I’m finding it difficult to understand why my HBsAg level is so high. It fluctuates but stays consistently around 25,000 in the quantitative test. My healthcare providers always emphasize focusing on HBV DNA, which has been suppressed since I’ve been on Tenofovir for over three years. Are there any conclusions I can draw from this? Could this indicate a poorer prognosis?
Thank you!
N
Hi @Natti,
In most patients, HBsAg will remain high when being on antivirals. For example, before I started treatment in 2015, my was around 25,000. It has remained around that same mark. The current antivirals do not have as much effect on the HBsAg as it does on the viral load. Your doctor is right since it is the high viral load that leads to severe liver damage. It also means you cannot stop your treatment if HBsAg quantitative remains that high. This is not a problem to stress yourself too much about as it is common for that to remain high. Best, Bansah1
HBsAg can be produced from two sources in the liver cells of a chronic HBV patients - cccDNA and integrated hbvdna in the cell nucleus. HBVDNA can only be produced from cccDNA. Antiviral such as Tenofovir suppresses the production of HBVDNA, but it does not eliminate cccDNA, at best, it prevents the increase in cccDNA. Antiviral has no direct effect on the production of HBsAg. I think the conclusions you can draw are: 1) you are responding to antiviral treatment; 2) your situation is quite normal; 3) you should continue antiviral treatment. As for prognosis, I think it is good as long as you keep HBV DNA to very low, normal ALT, and no or zero progression in fibrosis. In some patients, the cccDNA pool can be reduced during liver cells turnover, leading to a decline in HBsAg, that in turn leads to a restoration of immunological control of HBV and the stopping of all medication.

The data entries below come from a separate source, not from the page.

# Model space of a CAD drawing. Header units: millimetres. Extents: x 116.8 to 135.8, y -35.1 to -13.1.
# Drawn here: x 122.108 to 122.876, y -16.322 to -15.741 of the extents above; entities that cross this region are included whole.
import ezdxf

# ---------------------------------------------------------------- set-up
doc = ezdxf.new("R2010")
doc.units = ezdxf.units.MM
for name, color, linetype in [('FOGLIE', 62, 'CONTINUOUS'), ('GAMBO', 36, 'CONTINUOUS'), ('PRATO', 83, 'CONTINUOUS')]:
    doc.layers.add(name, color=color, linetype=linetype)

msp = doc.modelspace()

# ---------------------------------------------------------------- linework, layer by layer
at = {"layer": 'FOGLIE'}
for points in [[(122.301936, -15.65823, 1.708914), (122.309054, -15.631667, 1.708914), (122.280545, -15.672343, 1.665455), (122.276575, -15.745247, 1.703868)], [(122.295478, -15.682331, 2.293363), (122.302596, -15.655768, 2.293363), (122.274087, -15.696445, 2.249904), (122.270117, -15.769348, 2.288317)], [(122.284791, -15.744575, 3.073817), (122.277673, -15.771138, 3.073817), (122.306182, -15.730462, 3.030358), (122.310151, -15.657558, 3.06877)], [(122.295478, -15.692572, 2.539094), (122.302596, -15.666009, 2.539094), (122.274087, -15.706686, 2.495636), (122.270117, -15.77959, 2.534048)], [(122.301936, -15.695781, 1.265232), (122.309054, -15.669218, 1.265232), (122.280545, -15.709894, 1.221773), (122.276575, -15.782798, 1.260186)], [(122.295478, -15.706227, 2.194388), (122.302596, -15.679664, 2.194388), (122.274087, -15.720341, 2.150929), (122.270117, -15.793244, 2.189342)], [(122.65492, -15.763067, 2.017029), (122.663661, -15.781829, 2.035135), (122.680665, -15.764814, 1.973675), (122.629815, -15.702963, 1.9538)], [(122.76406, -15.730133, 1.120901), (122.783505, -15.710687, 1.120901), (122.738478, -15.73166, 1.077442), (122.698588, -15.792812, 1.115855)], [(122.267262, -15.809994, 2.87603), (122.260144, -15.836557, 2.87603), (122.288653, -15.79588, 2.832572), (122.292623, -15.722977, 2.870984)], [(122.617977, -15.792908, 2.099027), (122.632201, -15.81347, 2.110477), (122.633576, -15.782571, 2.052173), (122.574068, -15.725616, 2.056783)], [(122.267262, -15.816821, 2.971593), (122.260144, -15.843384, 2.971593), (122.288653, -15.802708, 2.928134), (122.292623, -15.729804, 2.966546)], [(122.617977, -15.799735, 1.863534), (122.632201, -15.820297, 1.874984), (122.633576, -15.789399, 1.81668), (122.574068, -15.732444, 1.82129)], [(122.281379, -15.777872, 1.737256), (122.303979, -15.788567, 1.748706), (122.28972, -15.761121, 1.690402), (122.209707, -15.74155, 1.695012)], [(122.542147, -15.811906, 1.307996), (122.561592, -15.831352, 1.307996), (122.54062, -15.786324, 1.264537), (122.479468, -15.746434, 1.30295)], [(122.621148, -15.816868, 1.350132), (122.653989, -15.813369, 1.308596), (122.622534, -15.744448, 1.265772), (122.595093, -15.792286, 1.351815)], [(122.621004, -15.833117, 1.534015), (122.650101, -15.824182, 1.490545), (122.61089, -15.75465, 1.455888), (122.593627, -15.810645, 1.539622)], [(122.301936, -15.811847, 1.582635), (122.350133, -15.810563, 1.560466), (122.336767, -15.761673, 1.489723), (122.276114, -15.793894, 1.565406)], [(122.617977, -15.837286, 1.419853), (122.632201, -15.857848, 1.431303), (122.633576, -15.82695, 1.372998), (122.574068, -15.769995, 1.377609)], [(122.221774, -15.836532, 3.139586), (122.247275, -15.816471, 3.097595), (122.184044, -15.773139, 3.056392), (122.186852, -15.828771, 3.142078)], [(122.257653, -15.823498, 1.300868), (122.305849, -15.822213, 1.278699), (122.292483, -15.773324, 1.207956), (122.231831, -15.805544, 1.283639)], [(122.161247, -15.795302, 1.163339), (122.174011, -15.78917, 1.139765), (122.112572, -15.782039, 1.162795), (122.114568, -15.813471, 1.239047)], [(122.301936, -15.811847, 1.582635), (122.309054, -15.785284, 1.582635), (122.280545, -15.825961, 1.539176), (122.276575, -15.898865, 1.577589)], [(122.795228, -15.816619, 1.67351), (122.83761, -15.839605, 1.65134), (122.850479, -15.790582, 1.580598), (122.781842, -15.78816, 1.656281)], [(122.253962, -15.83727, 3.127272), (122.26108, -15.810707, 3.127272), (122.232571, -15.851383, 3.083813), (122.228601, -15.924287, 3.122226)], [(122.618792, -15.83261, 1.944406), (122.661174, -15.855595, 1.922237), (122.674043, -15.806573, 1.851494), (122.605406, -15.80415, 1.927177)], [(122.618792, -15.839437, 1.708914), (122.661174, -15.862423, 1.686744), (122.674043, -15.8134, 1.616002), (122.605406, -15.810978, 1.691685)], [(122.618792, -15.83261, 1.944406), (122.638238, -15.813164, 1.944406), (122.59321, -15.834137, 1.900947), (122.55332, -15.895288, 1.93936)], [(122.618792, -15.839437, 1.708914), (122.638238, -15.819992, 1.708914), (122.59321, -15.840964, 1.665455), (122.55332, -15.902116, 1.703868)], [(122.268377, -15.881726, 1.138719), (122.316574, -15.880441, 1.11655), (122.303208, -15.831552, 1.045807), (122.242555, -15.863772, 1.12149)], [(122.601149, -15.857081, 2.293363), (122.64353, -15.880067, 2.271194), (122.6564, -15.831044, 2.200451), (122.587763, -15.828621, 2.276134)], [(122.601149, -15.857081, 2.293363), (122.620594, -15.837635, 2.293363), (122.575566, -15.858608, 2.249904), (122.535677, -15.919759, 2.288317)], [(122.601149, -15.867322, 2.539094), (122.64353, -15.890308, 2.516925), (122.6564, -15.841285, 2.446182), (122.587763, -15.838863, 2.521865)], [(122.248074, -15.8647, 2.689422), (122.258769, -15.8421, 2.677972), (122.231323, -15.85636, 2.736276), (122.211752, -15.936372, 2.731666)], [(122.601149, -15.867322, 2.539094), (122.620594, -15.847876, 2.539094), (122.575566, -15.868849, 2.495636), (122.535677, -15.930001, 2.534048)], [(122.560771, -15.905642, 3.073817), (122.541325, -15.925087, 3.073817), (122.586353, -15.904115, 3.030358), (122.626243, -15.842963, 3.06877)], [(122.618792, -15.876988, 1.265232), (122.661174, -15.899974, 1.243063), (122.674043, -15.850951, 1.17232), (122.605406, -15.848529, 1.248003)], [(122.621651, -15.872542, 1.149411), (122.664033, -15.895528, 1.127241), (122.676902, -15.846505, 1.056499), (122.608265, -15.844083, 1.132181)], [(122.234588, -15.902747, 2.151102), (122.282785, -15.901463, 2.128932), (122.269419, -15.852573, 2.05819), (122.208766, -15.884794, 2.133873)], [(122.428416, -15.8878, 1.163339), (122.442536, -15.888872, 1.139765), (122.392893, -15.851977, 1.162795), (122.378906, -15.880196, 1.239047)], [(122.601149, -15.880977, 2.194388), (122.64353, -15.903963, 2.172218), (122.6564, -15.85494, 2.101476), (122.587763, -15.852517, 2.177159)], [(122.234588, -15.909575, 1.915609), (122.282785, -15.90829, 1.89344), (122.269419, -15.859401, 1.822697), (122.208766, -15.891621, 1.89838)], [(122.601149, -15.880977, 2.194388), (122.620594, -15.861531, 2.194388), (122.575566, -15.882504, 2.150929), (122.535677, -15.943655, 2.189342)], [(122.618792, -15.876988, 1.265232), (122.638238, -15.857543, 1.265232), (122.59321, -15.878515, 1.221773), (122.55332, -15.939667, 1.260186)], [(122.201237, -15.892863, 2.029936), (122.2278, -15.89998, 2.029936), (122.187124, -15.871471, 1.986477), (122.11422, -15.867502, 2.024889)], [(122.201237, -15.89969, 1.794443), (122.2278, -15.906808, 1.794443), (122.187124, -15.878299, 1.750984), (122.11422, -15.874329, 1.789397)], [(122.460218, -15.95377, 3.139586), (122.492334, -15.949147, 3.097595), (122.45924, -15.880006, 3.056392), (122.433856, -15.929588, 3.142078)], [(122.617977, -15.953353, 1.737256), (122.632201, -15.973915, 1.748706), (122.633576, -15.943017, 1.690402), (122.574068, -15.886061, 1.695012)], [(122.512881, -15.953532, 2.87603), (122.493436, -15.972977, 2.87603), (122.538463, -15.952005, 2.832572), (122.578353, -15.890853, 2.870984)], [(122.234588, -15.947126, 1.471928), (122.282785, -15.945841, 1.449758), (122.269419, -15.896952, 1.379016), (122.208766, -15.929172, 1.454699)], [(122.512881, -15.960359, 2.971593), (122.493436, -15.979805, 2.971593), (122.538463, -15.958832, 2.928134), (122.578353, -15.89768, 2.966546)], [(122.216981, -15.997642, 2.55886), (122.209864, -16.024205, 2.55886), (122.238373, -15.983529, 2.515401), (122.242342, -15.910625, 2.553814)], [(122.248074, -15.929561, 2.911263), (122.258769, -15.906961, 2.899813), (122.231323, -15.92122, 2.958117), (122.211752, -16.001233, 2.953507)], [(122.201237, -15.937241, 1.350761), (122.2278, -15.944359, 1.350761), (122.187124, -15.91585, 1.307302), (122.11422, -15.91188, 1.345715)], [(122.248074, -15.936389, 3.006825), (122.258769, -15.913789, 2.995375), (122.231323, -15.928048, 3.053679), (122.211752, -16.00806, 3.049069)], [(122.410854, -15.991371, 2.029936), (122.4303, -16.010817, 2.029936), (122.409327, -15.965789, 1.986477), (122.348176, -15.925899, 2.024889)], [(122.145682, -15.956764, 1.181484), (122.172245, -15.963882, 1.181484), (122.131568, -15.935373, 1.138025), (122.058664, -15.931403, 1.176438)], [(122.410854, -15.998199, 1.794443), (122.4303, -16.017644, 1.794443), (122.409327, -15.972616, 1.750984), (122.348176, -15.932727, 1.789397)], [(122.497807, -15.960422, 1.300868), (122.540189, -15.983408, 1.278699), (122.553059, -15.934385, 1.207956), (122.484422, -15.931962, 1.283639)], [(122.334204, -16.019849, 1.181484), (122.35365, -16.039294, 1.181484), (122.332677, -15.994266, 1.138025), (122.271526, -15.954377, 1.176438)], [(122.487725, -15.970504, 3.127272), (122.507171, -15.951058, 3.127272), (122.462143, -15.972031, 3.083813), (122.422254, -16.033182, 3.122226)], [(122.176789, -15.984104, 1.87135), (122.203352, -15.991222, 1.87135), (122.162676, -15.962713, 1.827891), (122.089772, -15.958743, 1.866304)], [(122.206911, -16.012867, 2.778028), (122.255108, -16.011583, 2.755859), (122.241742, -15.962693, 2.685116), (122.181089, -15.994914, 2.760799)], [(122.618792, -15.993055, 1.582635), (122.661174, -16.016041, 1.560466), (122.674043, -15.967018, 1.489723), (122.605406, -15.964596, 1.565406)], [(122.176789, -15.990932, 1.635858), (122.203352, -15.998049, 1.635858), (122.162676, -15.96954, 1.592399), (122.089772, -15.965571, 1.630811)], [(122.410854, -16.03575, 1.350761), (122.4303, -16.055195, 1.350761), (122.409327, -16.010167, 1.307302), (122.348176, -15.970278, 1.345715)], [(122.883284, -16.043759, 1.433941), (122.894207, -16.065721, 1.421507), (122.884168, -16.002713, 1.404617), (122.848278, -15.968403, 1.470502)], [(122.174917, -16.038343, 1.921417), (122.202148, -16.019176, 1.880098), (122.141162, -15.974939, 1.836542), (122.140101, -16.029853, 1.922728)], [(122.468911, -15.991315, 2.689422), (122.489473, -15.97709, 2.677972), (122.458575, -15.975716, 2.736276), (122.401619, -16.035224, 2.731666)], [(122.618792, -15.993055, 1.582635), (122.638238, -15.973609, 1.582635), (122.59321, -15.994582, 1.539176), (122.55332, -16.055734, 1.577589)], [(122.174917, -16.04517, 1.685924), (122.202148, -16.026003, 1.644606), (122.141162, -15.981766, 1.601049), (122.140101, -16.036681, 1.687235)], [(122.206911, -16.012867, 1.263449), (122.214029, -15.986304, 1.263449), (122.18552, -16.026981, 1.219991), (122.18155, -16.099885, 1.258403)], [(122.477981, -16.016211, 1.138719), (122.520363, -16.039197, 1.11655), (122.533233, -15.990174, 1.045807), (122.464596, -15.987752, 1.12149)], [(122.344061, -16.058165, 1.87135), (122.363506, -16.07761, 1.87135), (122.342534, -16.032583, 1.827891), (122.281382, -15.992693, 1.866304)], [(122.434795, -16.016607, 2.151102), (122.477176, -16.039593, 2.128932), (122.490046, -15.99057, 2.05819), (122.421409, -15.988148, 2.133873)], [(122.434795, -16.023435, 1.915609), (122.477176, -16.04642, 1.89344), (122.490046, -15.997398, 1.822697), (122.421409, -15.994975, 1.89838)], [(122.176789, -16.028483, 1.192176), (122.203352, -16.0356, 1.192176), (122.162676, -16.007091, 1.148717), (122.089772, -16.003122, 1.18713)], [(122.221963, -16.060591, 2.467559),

My viral load is 10E+04 IU/ml. qHbsAg is 1226 IU/ml. HbeAg negative. Not yet on medication. It is my understanding that my qHbsAg mainly comes from integrated hbvdna. Does antiviral have any effects on integrated hbvdna? Thank you.
Antiviral does not have any effects on integrated hbvdna. I would disagree that your qHBsAg comes mainly from the integrated hbvdna. Your viral load is still pretty high, so that indicates you still have a high number of cccDNA in your liver. They produce hbvdna as well as HBsAg. Because you are HBeAg negative, you are, at best, in the Immune Control Phase, where your immune system is limiting the number of infected liver cells. I would suggest that you monitor your ALT and liver stiffness regularly. There are drugs in development from Replicor to prevent the release of HBsAg in the form of subviral particles from the liver. There are monoclonal HBsAb drugs to neutralize the HBsAg in the blood. There are drugs, such as RNAi and Antisense oligonucleotide, that claim to interfere with the production of HBsAg, from cccDNA and integrated hbvdna.
The best known effect of NUCs is to inhibit a viral enzyme called the HBV reverse transcriptase. This effect blocks the maturation of HBV RNA to HBV dsDNA inside the maturing virus. This prevents the secreted virus from being infectious.
The other effect of NUCs (particularily ETV and TDF/TAF) is to suppress cccDNA activity by stimulating innate immunity.
HBeAg, HBcrAg and virus containing only HBV RNA (remember this form is not infectious) are all signs of cccDNA activity. The suppression of HBeAg, HBcrAg and HBV RNA are all common as NUC therapy progresses, just not as fast as the suppression of HBV DNA. When this happens, we know that cccDNA is nearly completely suppressed. Unfortunately, it can still persist in its inactive (latent) form for decades.
The bulk of HBsAg (> 99.99%) is produced independently from virus in the form of subviral particles. It is also produced independently from the activity of cccDNA (and innate immunity) by integrated HBV DNA. The amount of HBV DNA integration steadily increases over the lifetime of the infection. Subviral particles block the immune responses against HBV (and cccDNA) and are the main reason why HBV infection remains chronic.
So in HBeAg positive (cccDNA active) patients, the main effect of NUCs has no effect against HBsAg but the immunostimulatory effect slowly cuts off the production of subviral particles from active cccDNA. This leaves only integrated HBV DNA as the source of HBsAg during NUC therapy. This has been well established in the clinical literature.
In your case, with such a high viral titer without treatment your cccDNA activity is still significant and your HBeAg negativity may be the result of a mutation in the HBeAg gene (precore mutation) which makes the HBeAg undetectable by standard assays. In your case, at least some of the HBsAg is coming from active cccDNA.
The more important issue for you is that with such a high viral titer, your liver function needs to be checked and initiation of therapy considered.